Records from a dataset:
•••

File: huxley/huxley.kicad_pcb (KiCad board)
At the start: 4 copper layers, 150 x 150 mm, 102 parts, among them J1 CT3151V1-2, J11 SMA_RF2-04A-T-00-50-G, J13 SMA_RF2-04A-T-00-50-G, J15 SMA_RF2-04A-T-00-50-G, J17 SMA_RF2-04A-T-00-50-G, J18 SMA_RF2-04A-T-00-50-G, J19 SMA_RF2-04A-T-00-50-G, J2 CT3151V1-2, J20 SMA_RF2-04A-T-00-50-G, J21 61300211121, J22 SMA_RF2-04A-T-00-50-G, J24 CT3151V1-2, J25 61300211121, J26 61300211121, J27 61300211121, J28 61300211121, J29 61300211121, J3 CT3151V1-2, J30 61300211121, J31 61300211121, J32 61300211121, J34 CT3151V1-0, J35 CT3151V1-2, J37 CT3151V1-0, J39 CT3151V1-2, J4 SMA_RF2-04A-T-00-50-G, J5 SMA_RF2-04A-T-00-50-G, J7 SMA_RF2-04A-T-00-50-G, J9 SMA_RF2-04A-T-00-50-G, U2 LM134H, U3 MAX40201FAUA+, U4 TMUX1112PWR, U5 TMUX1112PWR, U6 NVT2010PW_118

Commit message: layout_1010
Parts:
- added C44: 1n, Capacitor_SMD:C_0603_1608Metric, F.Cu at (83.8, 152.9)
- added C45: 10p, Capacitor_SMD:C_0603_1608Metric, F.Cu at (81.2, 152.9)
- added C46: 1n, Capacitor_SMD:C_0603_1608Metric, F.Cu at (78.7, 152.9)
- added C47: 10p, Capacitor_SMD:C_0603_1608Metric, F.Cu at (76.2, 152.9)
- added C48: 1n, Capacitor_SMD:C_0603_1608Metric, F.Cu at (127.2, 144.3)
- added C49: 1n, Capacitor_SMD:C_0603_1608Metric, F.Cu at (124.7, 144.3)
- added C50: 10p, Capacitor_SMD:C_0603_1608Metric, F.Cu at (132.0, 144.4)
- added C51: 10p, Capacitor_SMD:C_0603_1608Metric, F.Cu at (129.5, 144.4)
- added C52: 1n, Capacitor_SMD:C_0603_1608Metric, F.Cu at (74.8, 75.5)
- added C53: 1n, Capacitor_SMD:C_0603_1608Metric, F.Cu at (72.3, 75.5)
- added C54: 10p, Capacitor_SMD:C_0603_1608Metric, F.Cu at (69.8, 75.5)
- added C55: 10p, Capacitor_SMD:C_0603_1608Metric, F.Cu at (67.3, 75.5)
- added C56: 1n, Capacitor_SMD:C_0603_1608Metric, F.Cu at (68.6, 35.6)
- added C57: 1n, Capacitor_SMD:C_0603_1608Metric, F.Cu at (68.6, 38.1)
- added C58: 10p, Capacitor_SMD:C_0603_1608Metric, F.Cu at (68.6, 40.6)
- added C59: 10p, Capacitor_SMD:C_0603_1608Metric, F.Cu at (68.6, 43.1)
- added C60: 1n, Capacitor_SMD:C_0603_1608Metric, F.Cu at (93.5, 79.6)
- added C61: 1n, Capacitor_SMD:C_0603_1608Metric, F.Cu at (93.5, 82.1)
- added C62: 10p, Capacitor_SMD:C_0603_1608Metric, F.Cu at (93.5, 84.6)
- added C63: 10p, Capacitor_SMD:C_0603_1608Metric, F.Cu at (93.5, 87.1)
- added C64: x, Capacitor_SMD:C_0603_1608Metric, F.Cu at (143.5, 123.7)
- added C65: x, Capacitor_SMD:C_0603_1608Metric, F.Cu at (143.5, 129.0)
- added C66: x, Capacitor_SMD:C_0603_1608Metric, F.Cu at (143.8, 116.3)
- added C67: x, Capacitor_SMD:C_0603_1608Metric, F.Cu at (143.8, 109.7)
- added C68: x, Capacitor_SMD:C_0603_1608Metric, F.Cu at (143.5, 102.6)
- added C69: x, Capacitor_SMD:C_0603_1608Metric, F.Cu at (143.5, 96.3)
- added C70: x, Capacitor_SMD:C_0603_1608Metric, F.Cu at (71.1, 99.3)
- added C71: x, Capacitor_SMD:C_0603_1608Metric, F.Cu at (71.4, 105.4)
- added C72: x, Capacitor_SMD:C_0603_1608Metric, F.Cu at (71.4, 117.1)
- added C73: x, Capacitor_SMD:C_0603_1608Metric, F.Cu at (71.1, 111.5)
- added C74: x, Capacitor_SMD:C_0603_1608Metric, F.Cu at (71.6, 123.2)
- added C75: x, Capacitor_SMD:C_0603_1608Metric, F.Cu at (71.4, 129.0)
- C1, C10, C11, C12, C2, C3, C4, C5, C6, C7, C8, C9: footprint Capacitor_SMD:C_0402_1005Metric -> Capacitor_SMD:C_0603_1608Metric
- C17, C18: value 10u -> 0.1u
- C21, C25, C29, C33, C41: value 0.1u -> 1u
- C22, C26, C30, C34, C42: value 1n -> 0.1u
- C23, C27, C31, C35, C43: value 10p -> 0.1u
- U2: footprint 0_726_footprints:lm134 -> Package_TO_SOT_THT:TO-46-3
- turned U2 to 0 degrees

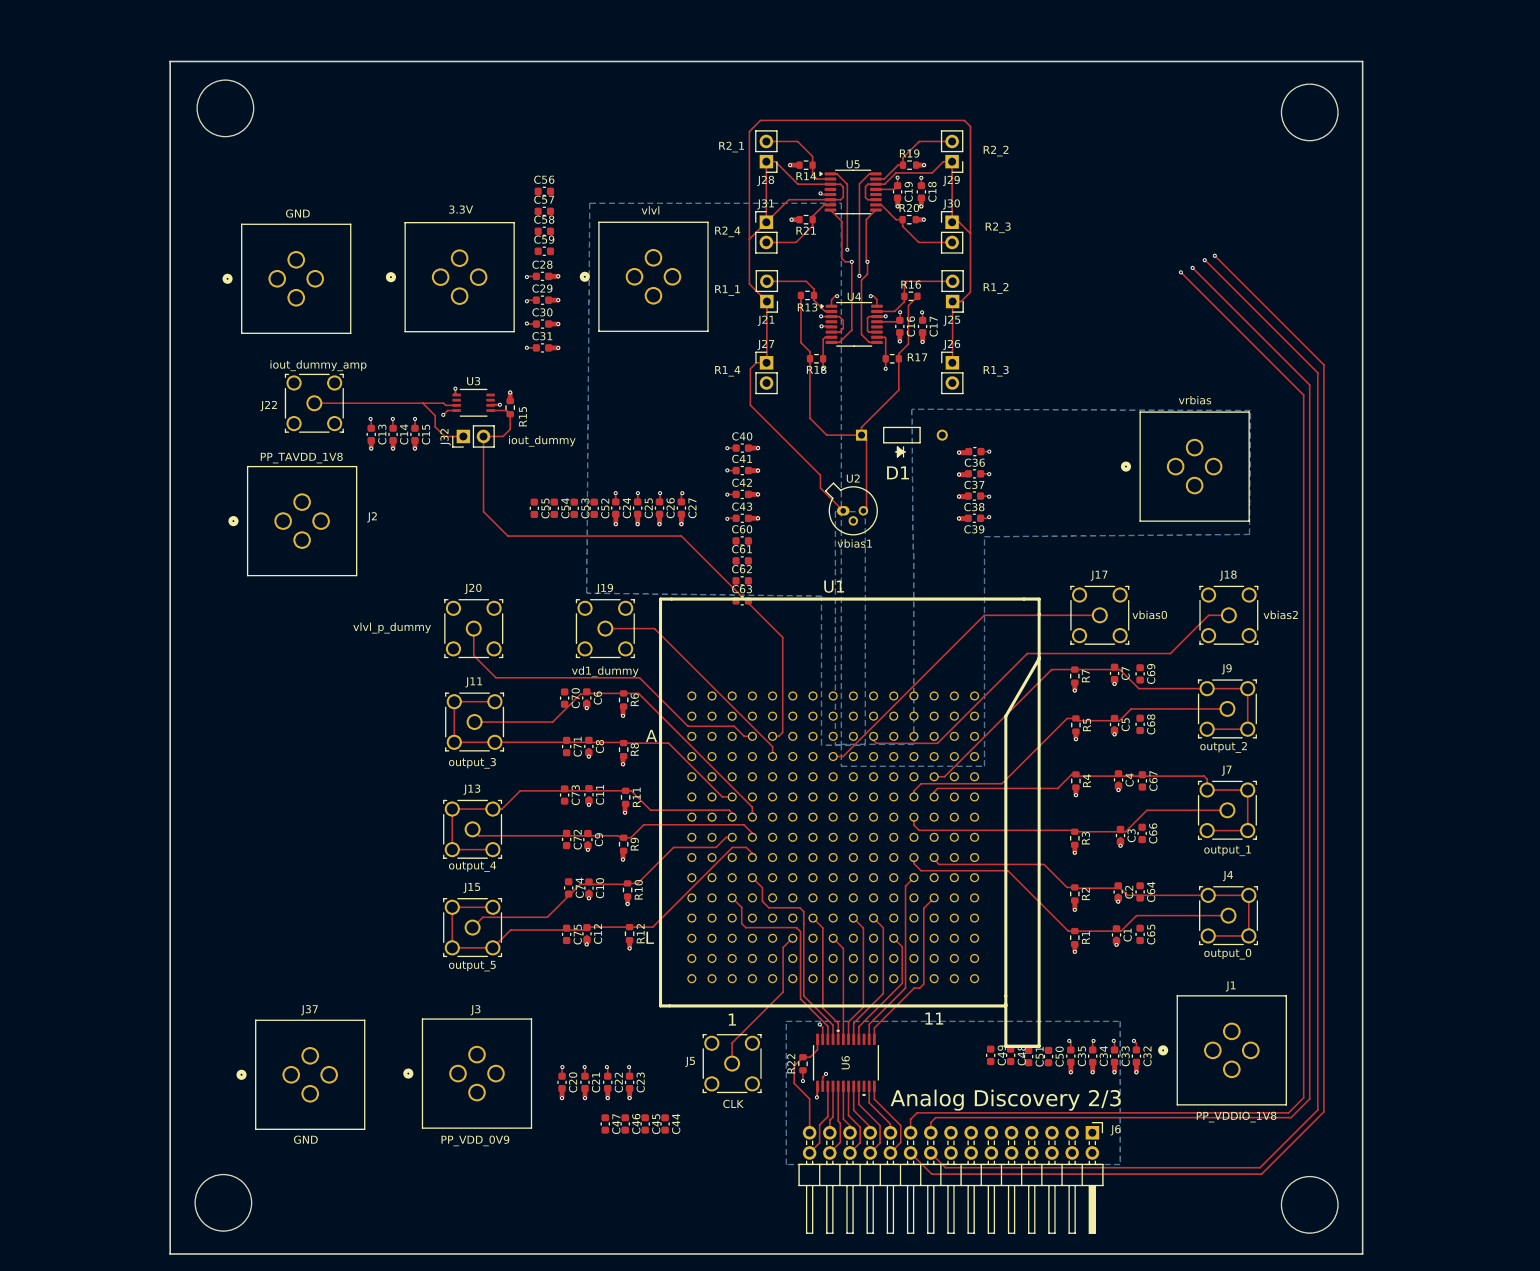
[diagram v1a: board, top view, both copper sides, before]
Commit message: minor schematic cleanup; addition of mounting holes; minor layout adjustment
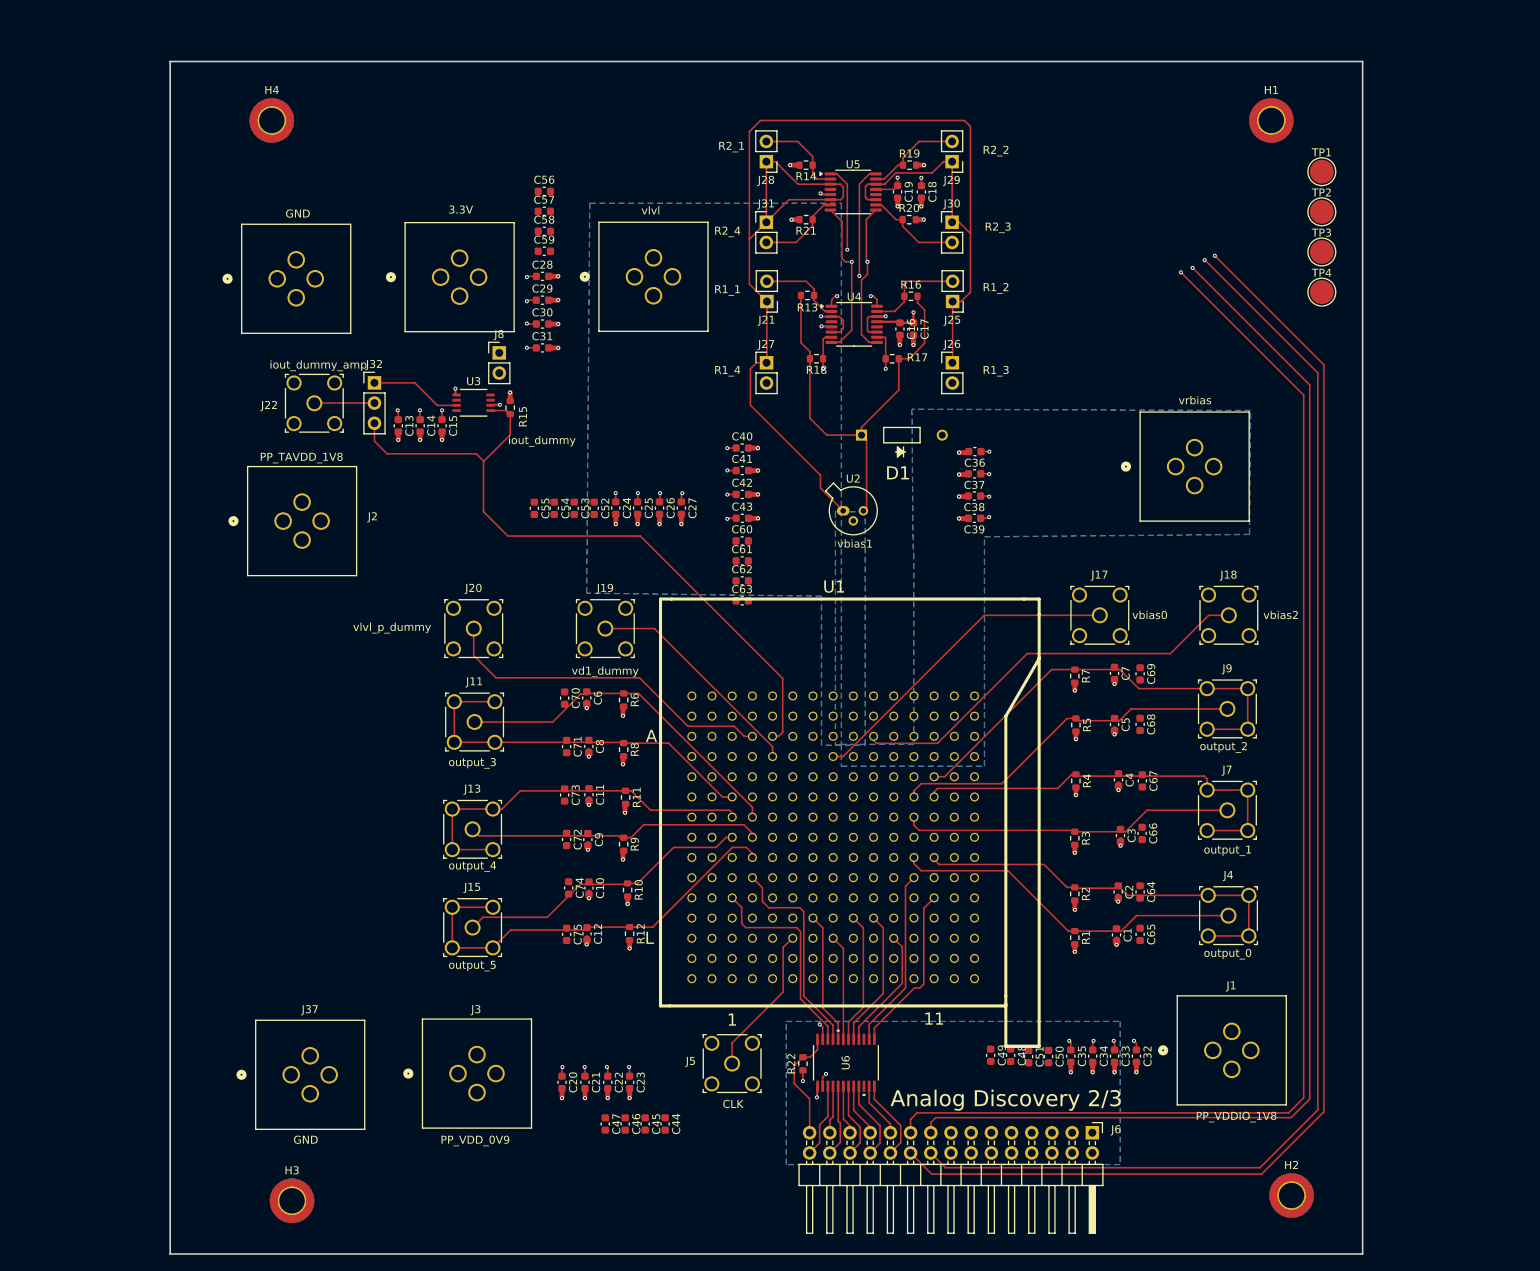
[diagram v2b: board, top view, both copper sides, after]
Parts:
- added H1: MountingHole, MountingHole:MountingHole_3.2mm_M3_DIN965_Pad_TopBottom, F.Cu at (160.0, 26.7)
- added H2: MountingHole, MountingHole:MountingHole_3.2mm_M3_DIN965_Pad_TopBottom, F.Cu at (162.6, 161.9)
- added H3: MountingHole, MountingHole:MountingHole_3.2mm_M3_DIN965_Pad_TopBottom, F.Cu at (36.8, 162.6)
- added H4: MountingHole, MountingHole:MountingHole_3.2mm_M3_DIN965_Pad_TopBottom, F.Cu at (34.3, 26.7)
- added J8: 61300211121, Connector_PinHeader_2.54mm:PinHeader_1x02_P2.54mm_Vertical, F.Cu at (62.9, 55.9)
- added TP1: TestPoint, TestPoint:TestPoint_Pad_D3.0mm, F.Cu at (166.4, 33.1)
- added TP2: TestPoint, TestPoint:TestPoint_Pad_D3.0mm, F.Cu at (166.4, 38.2)
- added TP3: TestPoint, TestPoint:TestPoint_Pad_D3.0mm, F.Cu at (166.4, 43.2)
- added TP4: TestPoint, TestPoint:TestPoint_Pad_D3.0mm, F.Cu at (166.4, 48.3)
- J32: footprint Connector_PinHeader_2.54mm:PinHeader_1x02_P2.54mm_Vertical -> Connector_PinHeader_2.54mm:PinHeader_1x03_P2.54mm_Vertical
- moved J32 13.1 mm to (47.2, 59.7), turned to 0 degrees
- moved C13 3.58 mm to (50.2, 65.1)
- moved C14 3.58 mm to (53.0, 65.1)
- moved C15 3.58 mm to (55.7, 65.1)
- moved C17 1.19 mm to (115.0, 52.9)
- moved C16 0.32 mm to (113.3, 52.9)
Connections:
- J22 pad 1: iout_dummy_amp -> iout_dummy_amp_conn
- J32 pad 2: iout_dummy -> iout_dummy_amp_conn
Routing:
- net iout_dummy_amp: track 25.7 -> 11.5 mm
- net iout_dummy: track 75.4 -> 87.9 mm
- net iout_dummy_amp_conn: track 0.00 -> 7.57 mm
- net Net-(D1-A): track 53.6 -> 55.1 mm
- net PP_SYS_3V3: track 20.2 -> 19.5 mm, vias 12 -> 10
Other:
- outline, holes or cut-outs redrawn

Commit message: changed output names to be kicad diffpair-style (+/-); board rearrangement wip
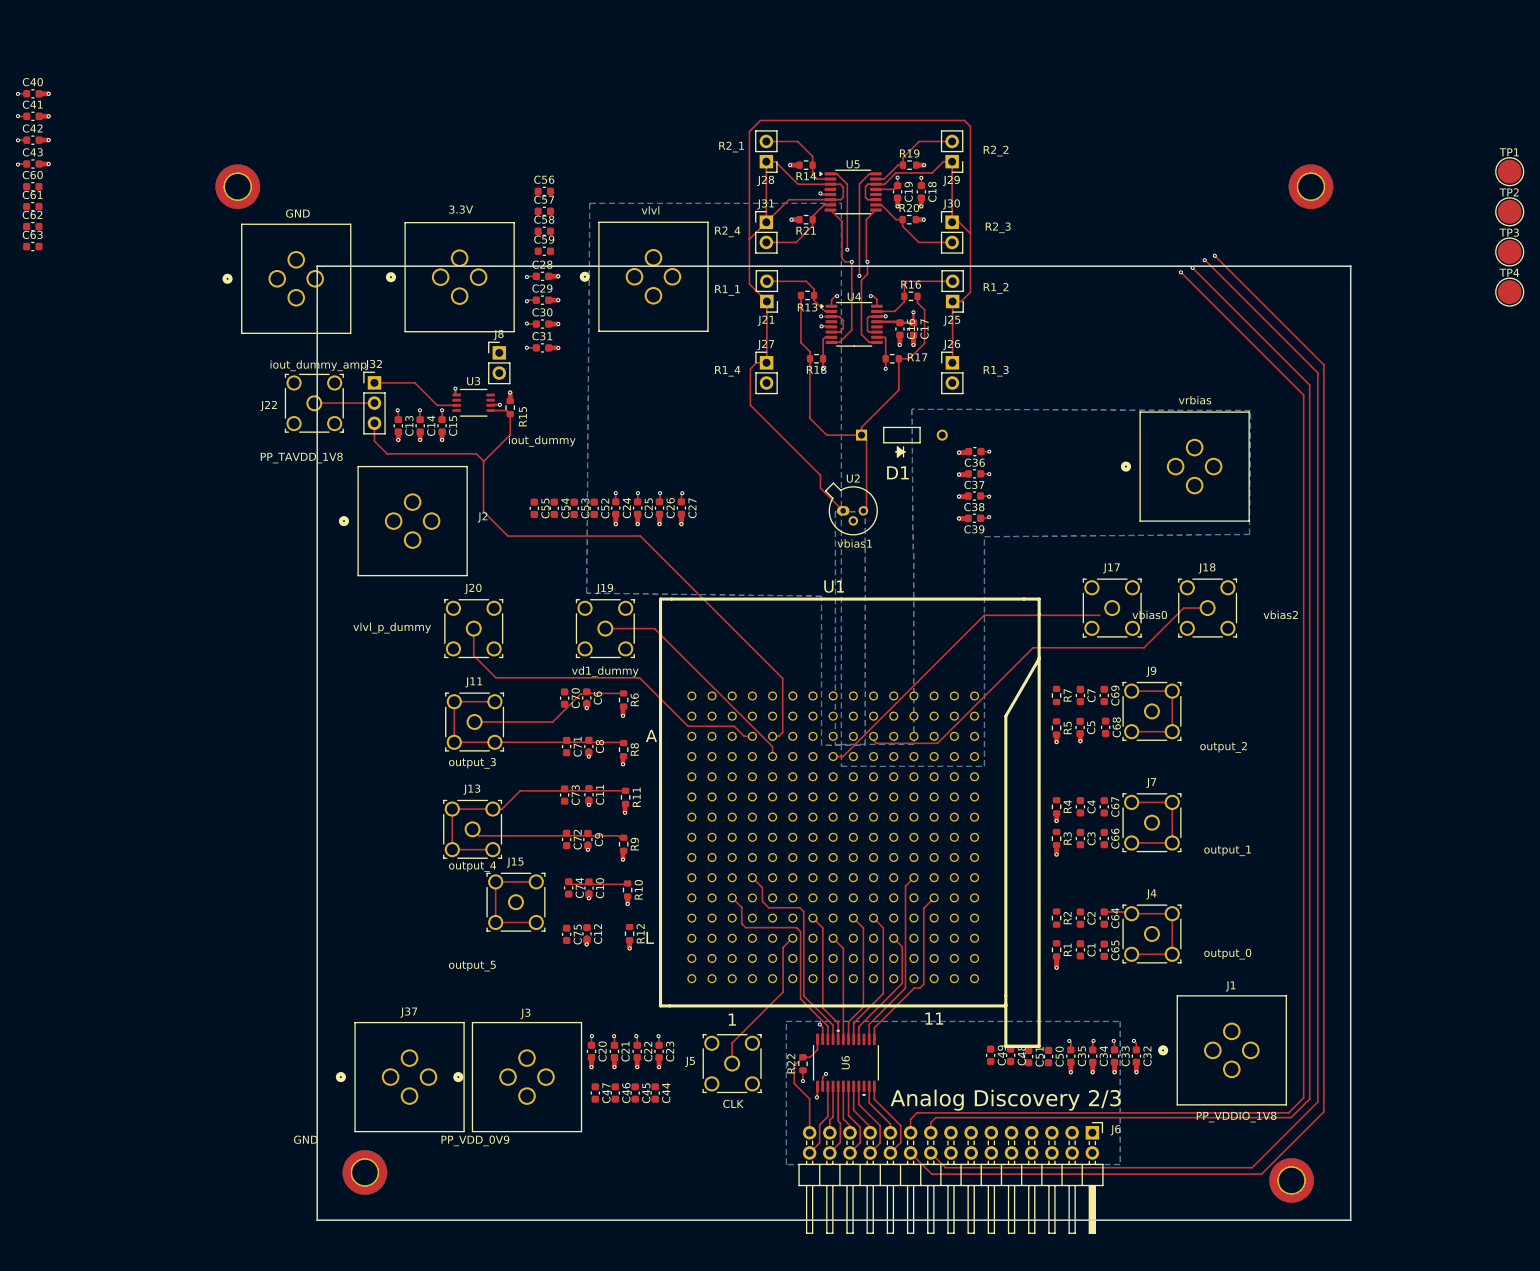
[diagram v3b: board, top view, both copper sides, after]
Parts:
- moved C60 99.7 mm to (4.22, 35.0)
- moved C61 99.7 mm to (4.22, 37.5)
- moved C62 99.7 mm to (4.22, 40.0)
- moved C63 99.7 mm to (4.22, 42.5)
- moved C40 99.7 mm to (4.24, 23.3)
- moved C41 99.7 mm to (4.24, 26.1)
- moved C42 99.7 mm to (4.24, 29.1)
- moved C43 99.7 mm to (4.24, 32.1)
- moved TP1 23.6 mm to (190.0, 33.1)
- moved TP2 23.6 mm to (190.0, 38.2)
- moved TP3 23.6 mm to (190.0, 43.2)
- moved TP4 23.6 mm to (190.0, 48.3)
- moved J2 13.9 mm to (49.6, 77.1)
- moved J37 12.5 mm to (49.2, 147.0)
- moved J4 9.90 mm to (145.0, 129.0)
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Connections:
- net output_0a renamed output_0+
- net output_0b renamed output_0-
- net output_1a renamed output_1+
- net output_1b renamed output_1-
- net output_2a renamed output_2+
- net output_2b renamed output_2-
- net output_3a renamed output_3+
- net output_3b renamed output_3-
- net output_4a renamed output_4+
- net output_4b renamed output_4-
- net output_5a renamed output_5+
- net output_5b renamed output_5-
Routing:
- net output_2+: track 44.7 -> 0.00 mm
- net output_0+: track 44.7 -> 0.00 mm
- net output_3+: track 43.6 -> 0.00 mm
- net output_1+: track 41.9 -> 0.89 mm
- net output_2-: track 56.2 -> 15.3 mm
- net output_5-: track 54.0 -> 15.3 mm
- net output_1-: track 52.8 -> 15.4 mm
- net output_0-: track 51.9 -> 18.9 mm
- net output_5+: track 37.4 -> 7.78 mm
- net (no net): track 0.00 -> 20.2 mm
- net output_4+: track 37.3 -> 19.4 mm
- net output_3-: track 48.0 -> 31.6 mm
- net output_4-: track 48.0 -> 33.0 mm
- net GND: track 69.7 -> 64.7 mm, vias 65 -> 58
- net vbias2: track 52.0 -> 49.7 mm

•••

DIRECTIONS FOR THIS TASK:
Write out, please, only the lines from the one with "- net output_2-: track 56.2 -> 15.3 mm" through the last line above, both included and unchanged.

ANSWER FOR THIS EXERCISE:
- net output_2-: track 56.2 -> 15.3 mm
- net output_5-: track 54.0 -> 15.3 mm
- net output_1-: track 52.8 -> 15.4 mm
- net output_0-: track 51.9 -> 18.9 mm
- net output_5+: track 37.4 -> 7.78 mm
- net (no net): track 0.00 -> 20.2 mm
- net output_4+: track 37.3 -> 19.4 mm
- net output_3-: track 48.0 -> 31.6 mm
- net output_4-: track 48.0 -> 33.0 mm
- net GND: track 69.7 -> 64.7 mm, vias 65 -> 58
- net vbias2: track 52.0 -> 49.7 mm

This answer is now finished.